Considera 10K de entrada. Aunque la impedancia de salida del la guitarra sea menor, no importa mucho, y poner más impedancia de entrada aumentará el ruido entrante. Usa el 2N5088(mejor) o el BC549C. Estos transistores son de bajo ruido.


----------



## plarenas (Nov 24, 2016)

carlos1977 dijo:


> hola amig@s
> 
> estoy estudiando el tema de preamplificador de guitarra y tengo dudas , a ver si alguien puede ayudarme.
> 
> ...



en el caso de las guitarras se considera cerca del mega ohm


----------



## palurdo (Nov 24, 2016)

plarenas dijo:


> en el caso de las guitarras se considera cerca del mega ohm



Supongo que eso será las que tengan cápsulas piezoeléctricas. Las que tengan cápsulas dinámicas estarán entre los 4000 y los 6000 ohm.


----------



## plarenas (Nov 24, 2016)

palurdo dijo:


> Supongo que eso será las que tengan cápsulas piezoeléctricas. Las que tengan cápsulas dinámicas estarán entre los 4000 y los 6000 ohm.

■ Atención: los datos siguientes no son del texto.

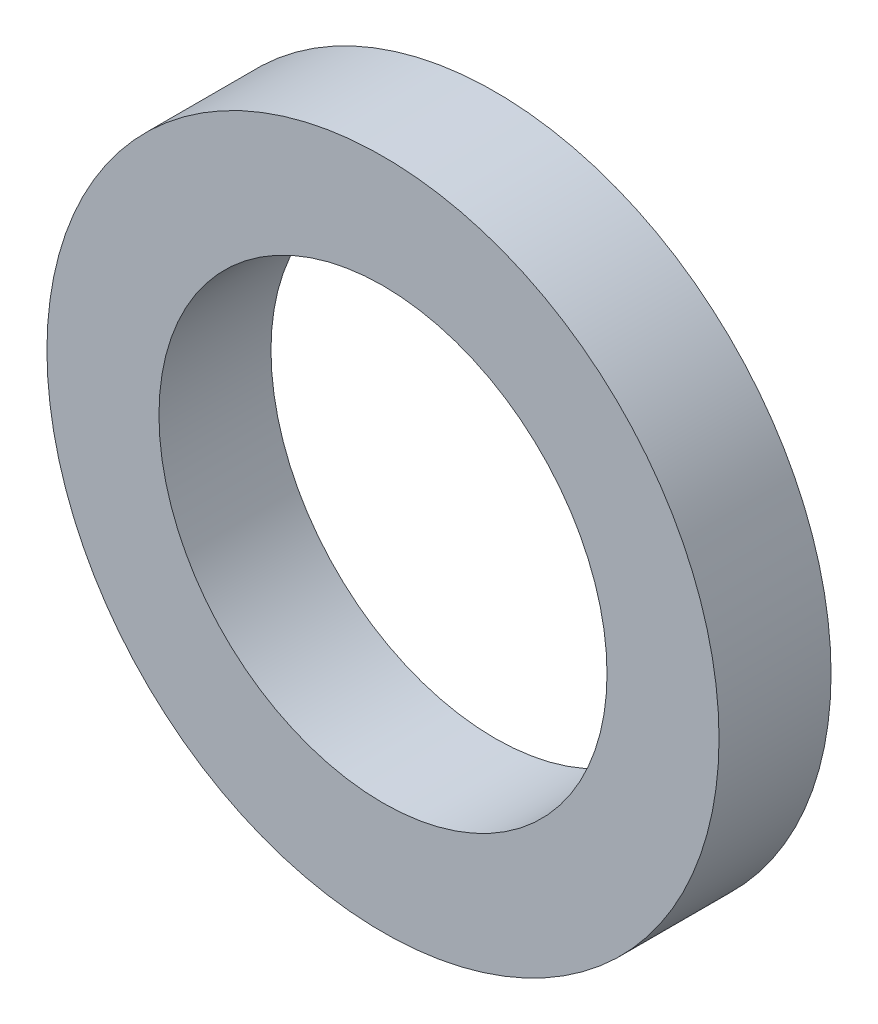
SolidWorks part; units mm, degrees
ref_plane "Front Plane" through (0, 0, 0) normal (0, 0, 1) x (1, 0, 0)
ref_plane "Top Plane" through (0, 0, 0) normal (0, 1, 0) x (1, 0, 0)
ref_plane "Right Plane" through (0, 0, 0) normal (1, 0, 0) x (0, 0, -1)
sketch "Sketch1" plane through (0, 0, 0) normal (0, 0, 1) x (1, 0, 0)
  circle A0 centre (0, 0) radius 15
  circle A1 centre (0, 0) radius 10
  dimension "D1" = 30
  dimension "D2" = 20
extrude "Boss-Extrude1" add sketch "Sketch1" along normal blind 5

Todo depende pero entre 200k y 500k es una media aceptable


----------



## carlos1977 (Nov 25, 2016)

muchas gracias.
Entonces las resistencias R1 y R2 deben tener un paralelo entre las dos de 1M ohms, es eso no?
esto es para una guitarra que tendrá de impedancia de salida 8k ohms.

estoy usando un transistor bc549 y para la Re y Rc tampoco sé muy bien que poner.
agradecería alguna mano, aunque sea al cuello.

todo esto irá a un lm386.

y otra duda que diferencia hay entre un circuito de un previo que tiene resistencia de emisor y otro que no. Estoy viendo circuitos de polarizacion de transistor donde a veces hay 4 resistencias y en otros no. 
gracias.


----------



## miguelus (Nov 25, 2016)

Buenos días.

Si lo haces con un Transistor, la impedancia de entrada será el paralelo de R1, R2 (Teorema de Thevenin), la impedancia de salida será el valor de Rc.

Te recomiendo que no pierdas el tiempo, un ejemplo de los miles que encontrarás por Internet...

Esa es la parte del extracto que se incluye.